Directions for this task:
Set down, exactly as written, the lines from the top of the data to the line that holds "doc.units = 0", and omit the pictures.

Stored data entries:
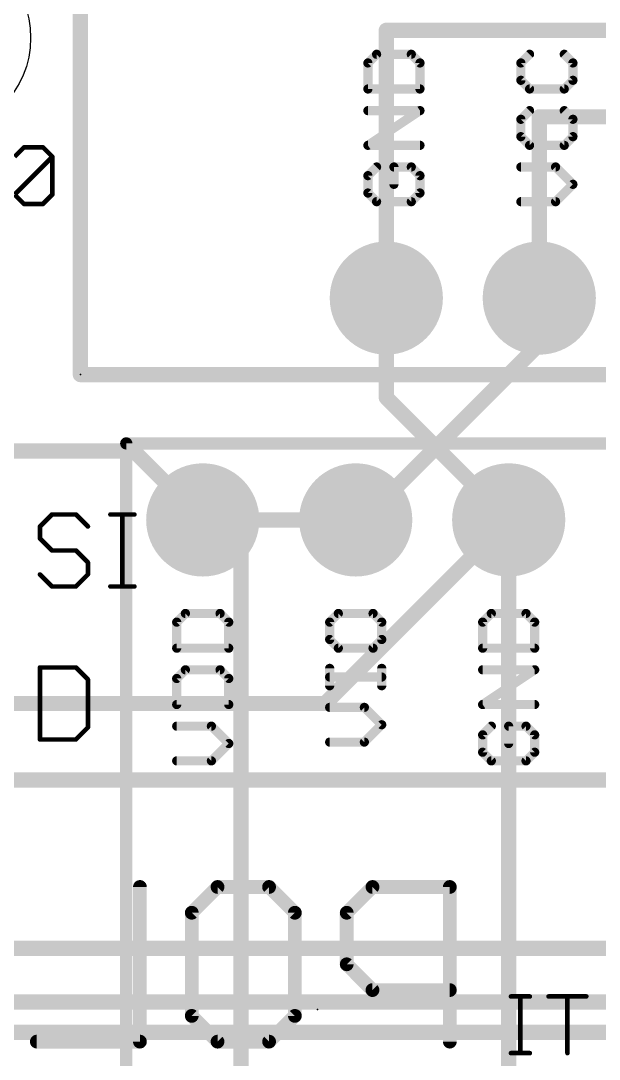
# Model space of a CAD drawing. Extents: x -5 to 102, y -1 to 61.
# Drawn here: x 70 to 79.61, y 22.29 to 39.53 of the extents above; entities that cross this region are included whole.
import ezdxf

# ---------------------------------------------------------------- set-up
doc = ezdxf.new("R2010")
doc.units = 0
for name, color, linetype in [('1', 22, 'CONTINUOUS'), ('16', 175, 'CONTINUOUS'), ('17', 82, 'CONTINUOUS'), ('20', 7, 'CONTINUOUS'), ('21', 253, 'CONTINUOUS'), ('22', 253, 'CONTINUOUS'), ('23', 7, 'CONTINUOUS')]:
    doc.layers.add(name, color=color, linetype=linetype)

# ---------------------------------------------------------------- blocks, each defined once
blk = doc.blocks.new('ROUNDP')
at = {"const_width": 0.5}
blk.add_lwpolyline([(0, -0.25, 1), (0, 0.25, 1), (0, -0.25)], format="xyb", dxfattribs=at)

msp = doc.modelspace()

# ---------------------------------------------------------------- linework, layer by layer
at = {"layer": '1', "const_width": 0.254}
for points in [[(89.662, 37.934), (78.613, 37.934)], [(78.613, 37.934), (78.613, 34.925)], [(76.073, 33.274), (76.073, 34.925)], [(78.105, 31.242), (76.073, 33.274)], [(73.66, 31.242), (73.025, 31.242)], [(75.565, 31.242), (73.66, 31.242)], [(73.66, 31.242), (73.66, 10.033)], [(78.105, 31.242), (78.105, 14.478)]]:
    msp.add_lwpolyline(points, dxfattribs=at)
at = {"layer": '1', "const_width": 0.127}
for points in [[(78.613, 37.9975, 1), (78.613, 37.8705)], [(78.6765, 37.934, 1), (78.5495, 37.934)], [(76.1365, 34.925, 1), (76.0095, 34.925)], [(78.5495, 34.925, 1), (78.6765, 34.925)], [(76.1179, 33.3189, 1), (76.0281, 33.2291)], [(76.0095, 33.274, 1), (76.1365, 33.274)], [(73.025, 31.3055, 1), (73.025, 31.1785)], [(73.66, 31.3055, 1), (73.66, 31.1785)], [(73.7235, 31.242, 1), (73.5965, 31.242)], [(73.66, 31.1785, 1), (73.66, 31.3055)], [(75.565, 31.1785, 1), (75.565, 31.3055)], [(78.1685, 31.242, 1), (78.0415, 31.242)], [(78.0601, 31.1971, 1), (78.1499, 31.2869)]]:
    msp.add_lwpolyline(points, format="xyb", dxfattribs=at)
at = {"layer": '16', "const_width": 0.254}
for points in [[(86.487, 39.37), (76.073, 39.37)], [(76.073, 39.37), (76.073, 34.925)], [(78.613, 34.163), (78.613, 34.925)], [(75.692, 31.242), (78.613, 34.163)], [(69.469, 32.385), (71.882, 32.385)], [(71.882, 32.385), (73.025, 31.242)], [(78.105, 31.242), (75.057, 28.194)], [(75.565, 31.242), (75.692, 31.242)], [(75.057, 28.194), (66.04, 28.194)], [(65.532, 26.924), (90.043, 26.924)], [(51.816, 24.13), (89.916, 24.13)], [(41.656, 23.241), (91.567, 23.241)], [(40.386, 22.733), (91.821, 22.733)]]:
    msp.add_lwpolyline(points, dxfattribs=at)
at = {"layer": '16', "const_width": 0.127}
for points in [[(76.073, 39.4335, 1), (76.073, 39.3065)], [(76.1365, 39.37, 1), (76.0095, 39.37)], [(78.6765, 34.925, 1), (78.5495, 34.925)], [(76.0095, 34.925, 1), (76.1365, 34.925)], [(78.5495, 34.163, 1), (78.6765, 34.163)], [(78.6579, 34.1181, 1), (78.5681, 34.2079)], [(71.9269, 32.4299, 1), (71.8371, 32.3401)], [(71.882, 32.3215, 1), (71.882, 32.4485)], [(72.9801, 31.1971, 1), (73.0699, 31.2869)], [(75.565, 31.3055, 1), (75.565, 31.1785)], [(75.6471, 31.2869, 1), (75.7369, 31.1971)], [(75.692, 31.1785, 1), (75.692, 31.3055)], [(78.1499, 31.1971, 1), (78.0601, 31.2869)], [(75.0121, 28.2389, 1), (75.1019, 28.1491)], [(75.057, 28.1305, 1), (75.057, 28.2575)]]:
    msp.add_lwpolyline(points, format="xyb", dxfattribs=at)
at = {"layer": '20'}
msp.add_circle((68.58, 39.243), 1.5875, dxfattribs=at)
at = {"layer": '21'}
for points, const_width in [([(70.993, 51.435), (70.993, 33.655)], 0.254), ([(75.9115, 38.9725), (75.7675, 38.8284)], 0.1524), ([(76.4877, 38.9725), (75.9115, 38.9725)], 0.1524), ([(76.6318, 38.8284), (76.4877, 38.9725)], 0.1524), ([(78.4515, 38.9725), (78.3075, 38.8284)], 0.1524), ([(79.1718, 38.8284), (79.0277, 38.9725)], 0.1524), ([(75.7675, 38.8284), (75.7675, 38.3962)], 0.1524), ([(76.6318, 38.3962), (76.6318, 38.8284)], 0.1524), ([(78.3075, 38.8284), (78.3075, 38.5403)], 0.1524), ([(79.1718, 38.5403), (79.1718, 38.8284)], 0.1524), ([(75.7675, 38.3962), (76.6318, 38.3962)], 0.1524), ([(78.3075, 38.5403), (78.4515, 38.3962)], 0.1524), ([(78.4515, 38.3962), (79.0277, 38.3962)], 0.1524), ([(79.0277, 38.3962), (79.1718, 38.5403)], 0.1524), ([(75.7675, 37.4607), (76.6318, 38.0369)], 0.1524), ([(76.6318, 38.0369), (75.7675, 38.0369)], 0.1524), ([(78.4515, 38.0369), (78.3075, 37.8929)], 0.1524), ([(79.1718, 37.8929), (79.0277, 38.0369)], 0.1524), ([(78.3075, 37.8929), (78.3075, 37.6048)], 0.1524), ([(79.1718, 37.6048), (79.1718, 37.8929)], 0.1524), ([(78.3075, 37.6048), (78.4515, 37.4607)], 0.1524), ([(79.0277, 37.4607), (79.1718, 37.6048)], 0.1524), ([(69.9007, 37.2709), (70.0574, 37.4277)], 0.0762), ([(70.0574, 37.4277), (70.371, 37.4277)], 0.0762), ([(70.371, 37.4277), (70.5277, 37.2709)], 0.0762), ([(76.6318, 37.4607), (75.7675, 37.4607)], 0.1524), ([(78.4515, 37.4607), (79.0277, 37.4607)], 0.1524), ([(69.9007, 36.6439), (70.5277, 37.2709)], 0.0762), ([(70.5277, 37.2709), (70.5277, 36.6439)], 0.0762), ([(75.9115, 37.1014), (75.7675, 36.9574)], 0.1524), ([(76.4877, 37.1014), (76.1996, 37.1014)], 0.1524), ([(76.1996, 37.1014), (76.1996, 36.8133)], 0.1524), ([(76.6318, 36.9574), (76.4877, 37.1014)], 0.1524), ([(78.8837, 37.1014), (78.3075, 37.1014)], 0.1524), ([(79.1718, 36.8133), (78.8837, 37.1014)], 0.1524), ([(75.7675, 36.9574), (75.7675, 36.6693)], 0.1524), ([(76.6318, 36.6693), (76.6318, 36.9574)], 0.1524), ([(75.7675, 36.6693), (75.9115, 36.5252)], 0.1524), ([(76.4877, 36.5252), (76.6318, 36.6693)], 0.1524), ([(78.8837, 36.5252), (79.1718, 36.8133)], 0.1524), ([(70.0574, 36.4871), (69.9007, 36.6439)], 0.0762), ([(70.5277, 36.6439), (70.371, 36.4871)], 0.0762), ([(75.9115, 36.5252), (76.4877, 36.5252)], 0.1524), ([(78.3075, 36.5252), (78.8837, 36.5252)], 0.1524), ([(70.371, 36.4871), (70.0574, 36.4871)], 0.0762), ([(70.993, 33.655), (88.753, 33.655)], 0.254), ([(71.755, 18.542), (71.755, 32.512)], 0.2032), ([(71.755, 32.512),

Answer to this problem:
# Model space of a CAD drawing. Extents: x -5 to 102, y -1 to 61.
# Drawn here: x 70 to 79.61, y 22.29 to 39.53 of the extents above; entities that cross this region are included whole.
import ezdxf

# ---------------------------------------------------------------- set-up
doc = ezdxf.new("R2010")
doc.units = 0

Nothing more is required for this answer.